The government view, encouraged by the incumbent generators, seems to have been to treat DSR with tolerance at best and suspicion at worst. In some respects, coal-fired plant could access more favourable terms than DSR. When DSR providers complained about what they argued were excessively high bid bond amounts for unproven DSR, the government actually increased the amounts under lobbying from generators.

It may well be the case that new types of resource such as DSR, storage and interconnection would not be sufficient on their own to manage potential future problems of high demand and low wind output, especially for sustained periods. Conventional thermal generation may still be needed to an extent. But these new forms, along with permanently reduced demand and other distributed resources including solar PV, could make significant contributions, and a future-facing capacity mechanism would have sought to maximise their future contribution. Since the early 2010s the rise of these options has become much clearer; there has been a major increase in solar PV and the costs of electrical storage over the scale of hours are beginning to fall rapidly. The government and the regulator are moving slowly towards embracing the prospect of a smarter more flexible electricity system, and the major incumbents are also beginning to realise where the future lies. But instead of actively helping accelerate movement towards this vision, the CM acts as a brake.

As a policy process it seems to have been the outcome of a mix of incumbents seeking to shape policy to protect their assets, and government seeking to have system security, even at the cost of gold-plating, within the familiar centralised supply paradigm. What was lacking, despite Ministerial rhetoric, was a genuinely innovative approach.

Could the process have been different, and if so, how? Our thinking on this is still preliminary, but the IGov working paper provides some initial ideas. These include increasing the self-awareness of decision-makers (especially officials) about industry lobbying, their own political incentives, and the policy paradigms in which they work, with such issues built into the development and analysis of new policies by government.

At the same time, the policy process needs to be opened up. There are of course consultations, and processes that bring government and ‘industry’ together and the development of the CM involved plenty of both.
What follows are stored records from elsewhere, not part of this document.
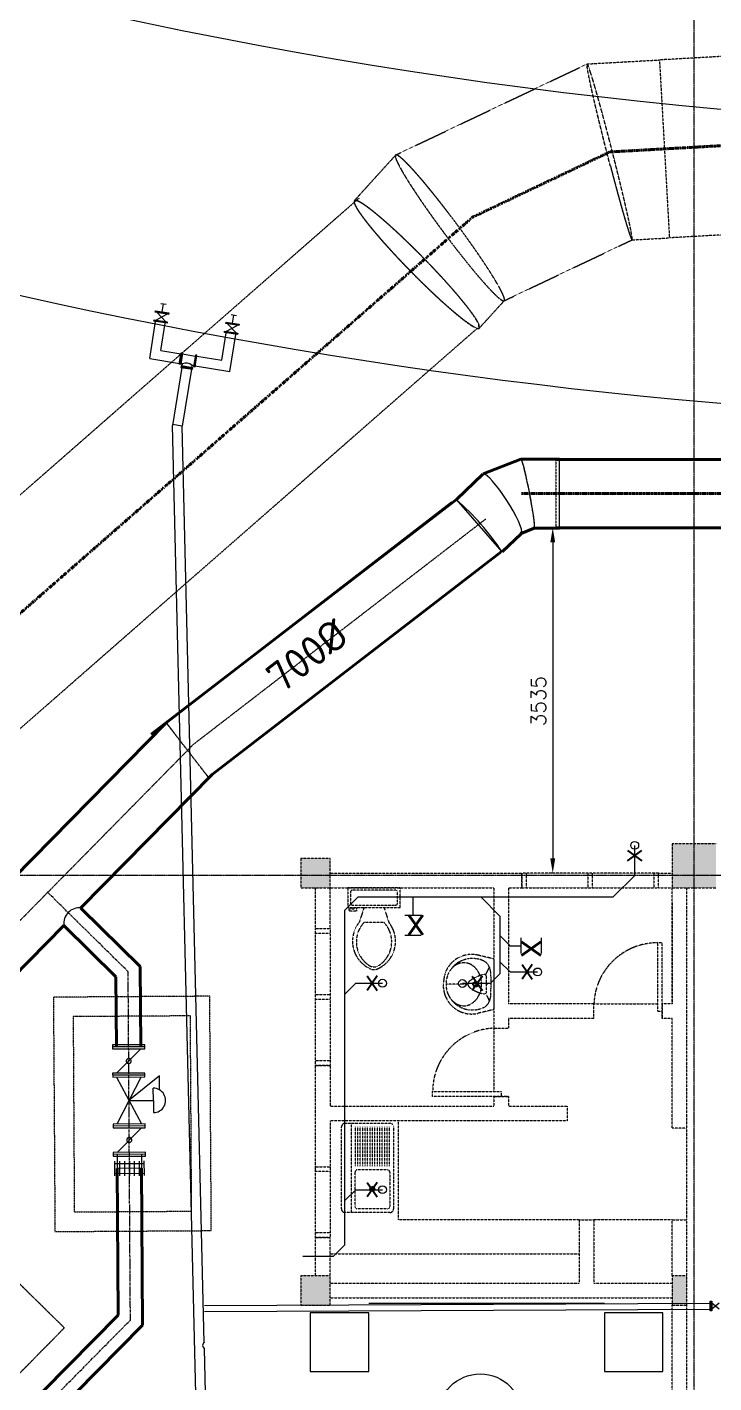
# Model space of a CAD drawing. Header units: inches. Extents: x 86328 to 235202, y 68629 to 184293.
# Drawn here: x 139176 to 146204, y 128245 to 142128 of the extents above; entities that cross this region are included whole.
import ezdxf
from ezdxf.enums import TextEntityAlignment as Align

# ---------------------------------------------------------------- set-up
doc = ezdxf.new("R2010")
doc.units = ezdxf.units.IN
doc.header["$MEASUREMENT"] = 0
for name, pattern in [('CENTER', [2, 1.25, -0.25, 0.25, -0.25]), ('HIDDEN', [0.375, 0.25, -0.125]), ('PHANTOM2', [1.25, 0.625, -0.125, 0.125, -0.125, 0.125, -0.125])]:
    doc.linetypes.add(name, pattern=pattern)
for name, color, linetype, lineweight in [('.5', 8, 'Continuous', 0), ('DIM', 251, 'Continuous', 0), ('MECHANICAL', 8, 'Continuous', 0), ('PLC WIRE', 7, 'Continuous', 0)]:
    doc.layers.add(name, color=color, linetype=linetype, lineweight=lineweight)
for name, color, linetype in [('1', 1, 'CENTER'), ('2', 2, 'HIDDEN'), ('pipes', 2, 'Continuous'), ('PV-13AEE3', 7, 'Continuous'), ('steel elbow 45deg', 3, 'Continuous'), ('text', 3, 'Continuous')]:
    doc.layers.add(name, color=color, linetype=linetype)
doc.styles.add('ISO', font='isocpeur.ttf')
doc.styles.add('SIMPLEX', font='simplex.shx')
doc.styles.get("Standard").update_dxf_attribs({"font": 'arial.ttf'})
doc.linetypes.add('FENCE_LINE', pattern='A,0.5,-0.1,["X",Standard,S=0.1,R=0,X=-0.02,Y=-0.05],-0.1', length=0.7)

msp = doc.modelspace()

# ---------------------------------------------------------------- hatches: boundary and pattern name
at = {"layer": 'DIM', "linetype": 'HIDDEN', "lineweight": 25, "ltscale": 10}
h = msp.add_hatch(color=8, dxfattribs=at)
h.paths.add_polyline_path([(142276, 133615), (141976, 133615), (141976, 133315), (142276, 133315)])
h.paths.add_polyline_path([(146226, 133765), (145776, 133765), (145776, 133315), (146226, 133315)])
h.paths.add_polyline_path([(142276, 129340), (141976, 129340), (141976, 129040), (142276, 129040)])
h.paths.add_polyline_path([(150726, 133765), (150276, 133765), (150276, 133315), (150726, 133315)])
h.paths.add_polyline_path([(155226, 133965), (154776, 133965), (154776, 133315), (155226, 133315)])
h.paths.add_polyline_path([(145926, 129040), (145926, 129340), (145776, 129340), (145776, 129040)])

# ---------------------------------------------------------------- linework, layer by layer
at = {"layer": '.5', "color": 8, "linetype": 'CENTER', "ltscale": 10}
for p, q in [((146002, 116744), (146002, 148032)), ((193392, 133442), (128878, 133442))]:
    msp.add_line(p, q, dxfattribs=at)
at = {"layer": '.5', "color": 8, "linetype": 'CENTER', "ltscale": 5}
for q in [(143869, 137091), (132543, 126312)]:
    msp.add_line((140880, 134785), q, dxfattribs=at)
at = {"color": 8, "linetype": 'CENTER', "ltscale": 20}
for p, q in [((140210, 132455), (139380, 133274)), ((140233, 128888), (140210, 132455)), ((138958, 127596), (140233, 128888))]:
    msp.add_line(p, q, dxfattribs=at)
at = {"color": 8}
for p, q in [((140073, 130365), (140072, 130515)), ((140072, 130490), (140372, 130492)), ((140073, 130390), (140373, 130392))]:
    msp.add_line(p, q, dxfattribs=at)
at = {"layer": '1', "color": 8, "linetype": 'Continuous', "ltscale": 1000}
for p, q in [((144623, 136996), (144623, 137701)), ((144036, 136755), (143569, 137290))]:
    msp.add_line(p, q, dxfattribs=at)
at = {"layer": '1', "color": 8, "linetype": 'HIDDEN', "ltscale": 5}
for p, q in [((141045, 132204), (139445, 132194)), ((139445, 132194), (139461, 129794)), ((141061, 129804), (141045, 132204)), ((140847, 132003), (139647, 131995)), ((139647, 131995), (139647, 131995)), ((139647, 131995), (139659, 129995)), ((140859, 130003), (140847, 132003)), ((139557, 128808), (137846, 130491)), ((139659, 129995), (140859, 130003)), ((139461, 129794), (141061, 129804)), ((137074, 126285), (139557, 128808))]:
    msp.add_line(p, q, dxfattribs=at)
at = {"layer": '1', "color": 8, "linetype": 'Continuous', "ltscale": 1000}
for centre, major_axis, ratio, start_param, end_param in [((144298, 137351), (-68, 355), 0.056561, 5.000611, 6.293977), ((144298, 137351), (-68, 355), 0.057565, 5.005877, 6.186773), ((144037, 137247), (-195, 304), 0.160939, 4.958399, 6.314582), ((144298, 137351), (68, -355), 0.057565, 0.293488, 1.864239), ((144037, 137247), (195, -304), 0.160939, 0.24601, 1.816763), ((141865, 135334), (1834, 1834), 1, 6.077432, 6.352133)]:
    msp.add_ellipse(centre, major_axis=major_axis, ratio=ratio, start_param=start_param, end_param=end_param, dxfattribs=at)
msp.add_open_spline([(144369, 137019), (144368, 137033), (144366, 137052), (144360, 137104), (144355, 137139), (144343, 137219), (144335, 137264), (144322, 137334), (144318, 137358), (144308, 137407), (144303, 137432), (144298, 137455)], degree=3, knots=[23.740083, 23.740083, 23.740083, 23.740083, 136.07311, 136.07311, 273.475645, 273.475645, 413.631939, 413.631939, 488.744097, 488.744097, 563.954246, 563.954246, 563.954246, 563.954246], dxfattribs=at)
at = {"layer": '2', "color": 8}
for p, q in [((144586, 137701), (144586, 137001)), ((140596, 135008), (141024, 134454))]:
    msp.add_line(p, q, dxfattribs=at)
at = {"layer": 'DIM', "color": 8, "linetype": 'PHANTOM2', "lineweight": 50, "ltscale": 20}
for p, q in [((170755, 142279), (145139, 140850)), ((143735, 140182), (145139, 140850)), ((143735, 140182), (131137, 129145)), ((144236, 137351), (162618, 137351))]:
    msp.add_line(p, q, dxfattribs=at)
at = {"layer": 'DIM', "color": 8, "linetype": 'HIDDEN', "ltscale": 10}
for p, q in [((152137, 142154), (145647, 141792)), ((144907, 141751), (145647, 141792)), ((144907, 141751), (145647, 141792)), ((145647, 141792), (145698, 140881)), ((145647, 141792), (145698, 140881)), ((142949, 140819), (144907, 141751)), ((142949, 140819), (144907, 141751)), ((144907, 141751), (144907, 141751)), ((144907, 141751), (144907, 141751)), ((145129, 140993), (145129, 140992)), ((145129, 140992), (145129, 140992)), ((142525, 140351), (142947, 140817)), ((142525, 140351), (142947, 140817)), ((145698, 140881), (145698, 140881)), ((145698, 140881), (145749, 139970)), ((145698, 140881), (145698, 140881)), ((145698, 140881), (145749, 139970)), ((145145, 140707), (145145, 140707)), ((145145, 140707), (145145, 140707)), ((142571, 140375), (130536, 129831)), ((142522, 140338), (142522, 140339)), ((142522, 140339), (142522, 140339)), ((152238, 140332), (145749, 139970)), ((143495, 140214), (143494, 140215)), ((143495, 140214), (143494, 140215)), ((144058, 139326), (145367, 139949)), ((144058, 139326), (145367, 139949)), ((145367, 139949), (145749, 139970)), ((145367, 139949), (145749, 139970)), ((145367, 139949), (145367, 139949)), ((145367, 139949), (145367, 139949)), ((143156, 139841), (143156, 139841)), ((143510, 139931), (143510, 139930)), ((143510, 139930), (143511, 139930)), ((143172, 139556), (143172, 139556)), ((143172, 139556), (143172, 139556)), ((143804, 139046), (144059, 139327)), ((143804, 139046), (144059, 139327)), ((144056, 139325), (144058, 139326)), ((144056, 139325), (144057, 139326)), ((143783, 139044), (131722, 128477)), ((143801, 139044), (143799, 139085)), ((143801, 139044), (143799, 139085)), ((143804, 139046), (143804, 139046)), ((143804, 139046), (143804, 139046))]:
    msp.add_line(p, q, dxfattribs=at)
at = {"layer": 'DIM', "color": 8, "lineweight": 50}
for p, q in [((143844, 137552), (144230, 137705)), ((144231, 137705), (144623, 137705)), ((144586, 137701), (162618, 137701)), ((144586, 137701), (150618, 137701)), ((143569, 137290), (143841, 137550)), ((140446, 134888), (143569, 137290)), ((143521, 137260), (140599, 135005)), ((144234, 136944), (144036, 136755)), ((144232, 136943), (144366, 136996)), ((144238, 136960), (144238, 136960)), ((144238, 136960), (144238, 136960)), ((144366, 136996), (144623, 136996)), ((144369, 137012), (144369, 137012)), ((144586, 137001), (162618, 137001)), ((144586, 137001), (150618, 137001)), ((144623, 136996), (144623, 137012)), ((144623, 137012), (144623, 137012)), ((144028, 136754), (141070, 134473)), ((140599, 135005), (132349, 126622)), ((141070, 134473), (139727, 133108)), ((139727, 133107), (140334, 132508)), ((139551, 132930), (136722, 130054)), ((139551, 132930), (140085, 132403)), ((140334, 132508), (140340, 131687)), ((140085, 132403), (140090, 131685)), ((140098, 130440), (140107, 128939)), ((140348, 130442), (140358, 128837)), ((138998, 127815), (140107, 128939)), ((139176, 127640), (140358, 128837))]:
    msp.add_line(p, q, dxfattribs=at)
at = {"layer": 'DIM', "color": 8, "linetype": 'Continuous'}
for p, q in [((144556, 137001), (144525, 137001)), ((144555, 136851), (144555, 133615)), ((145394, 133629), (145394, 133749)), ((145394, 133442), (145394, 133629)), ((144556, 133465), (144525, 133465)), ((145174, 133222), (145394, 133442)), ((142428, 133087), (142564, 133222)), ((142564, 133222), (143819, 133222)), ((143123, 133222), (143123, 133035)), ((143819, 133222), (144015, 133025)), ((143819, 133222), (145174, 133222)), ((142428, 132337), (142428, 133087)), ((143043, 133035), (143204, 133035)), ((144015, 133025), (144015, 132435)), ((143043, 132829), (143204, 132829)), ((144120, 132721), (144015, 132825)), ((144230, 132801), (144230, 132641)), ((144436, 132801), (144436, 132641)), ((144120, 132721), (144109, 132721)), ((144109, 132721), (144230, 132721)), ((144120, 132453), (144015, 132557)), ((144120, 132453), (144279, 132453)), ((144279, 132453), (144400, 132453)), ((142428, 129659), (142428, 132337)), ((142539, 132337), (142428, 132226)), ((142539, 132337), (142692, 132337)), ((142692, 132337), (142813, 132337)), ((143752, 132335), (143631, 132335)), ((143915, 132335), (143752, 132335)), ((143915, 132335), (144015, 132435)), ((142539, 130223), (142428, 130112)), ((142539, 130223), (142692, 130223)), ((142692, 130223), (142813, 130223)), ((141998, 129543), (142312, 129543)), ((142312, 129543), (142428, 129659)), ((145083, 129057), (142674, 129057)), ((142674, 128961), (142074, 128961)), ((142074, 128961), (142074, 128361)), ((142674, 128361), (142674, 128961)), ((145683, 128961), (145083, 128961)), ((145083, 128961), (145083, 128361)), ((145683, 128361), (145683, 128961)), ((142074, 128361), (142674, 128361)), ((145083, 128361), (145683, 128361))]:
    msp.add_line(p, q, dxfattribs=at)
at = {"layer": 'DIM', "color": 8, "linetype": 'HIDDEN', "lineweight": 25, "ltscale": 10}
for p, q in [((146226, 133765), (145776, 133765)), ((145776, 133765), (145776, 133315)), ((146226, 133765), (145776, 133765)), ((145776, 133765), (145776, 133315)), ((142276, 133615), (141976, 133615)), ((141976, 133615), (141976, 133315)), ((142276, 133315), (142276, 133615)), ((142276, 133465), (144238, 133465)), ((144238, 133315), (144238, 133465)), ((145638, 133465), (144238, 133465)), ((144238, 133465), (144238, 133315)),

The involvement of outsiders also happened to a limited extent, for example in the development of the methodology for setting the reliability standard in the CM; the government ultimately ignored the advice of the independent panel established on this issue, but at least they cast light on the process.

However, these kinds of processes are typically dominated by incumbents, a handful of energy consultancy firms and a relatively small number of ‘experts’ who are part of the dominant energy sector culture. New entrants and observers with unorthodox views are sometimes included, but more often than not as a fig leaf. A true opening up would involve government ensuring that actors from the new energy economy had a more equal representation, and if this means providing resources to allow this to happen because new actors are smaller and less able to commit the time required then this should also happen. It would also involve officials reaching out beyond the usual suspects in terms of independents in academia and elsewhere. Good policy making should avoid group think and embrace challenge. In a heavily male sector there is a gendered and indeed sexist aspect to this, with the views of men in senior posts familiar to officials tending to automatically receive a lot of weight and authority, while sometimes avoiding scrutiny.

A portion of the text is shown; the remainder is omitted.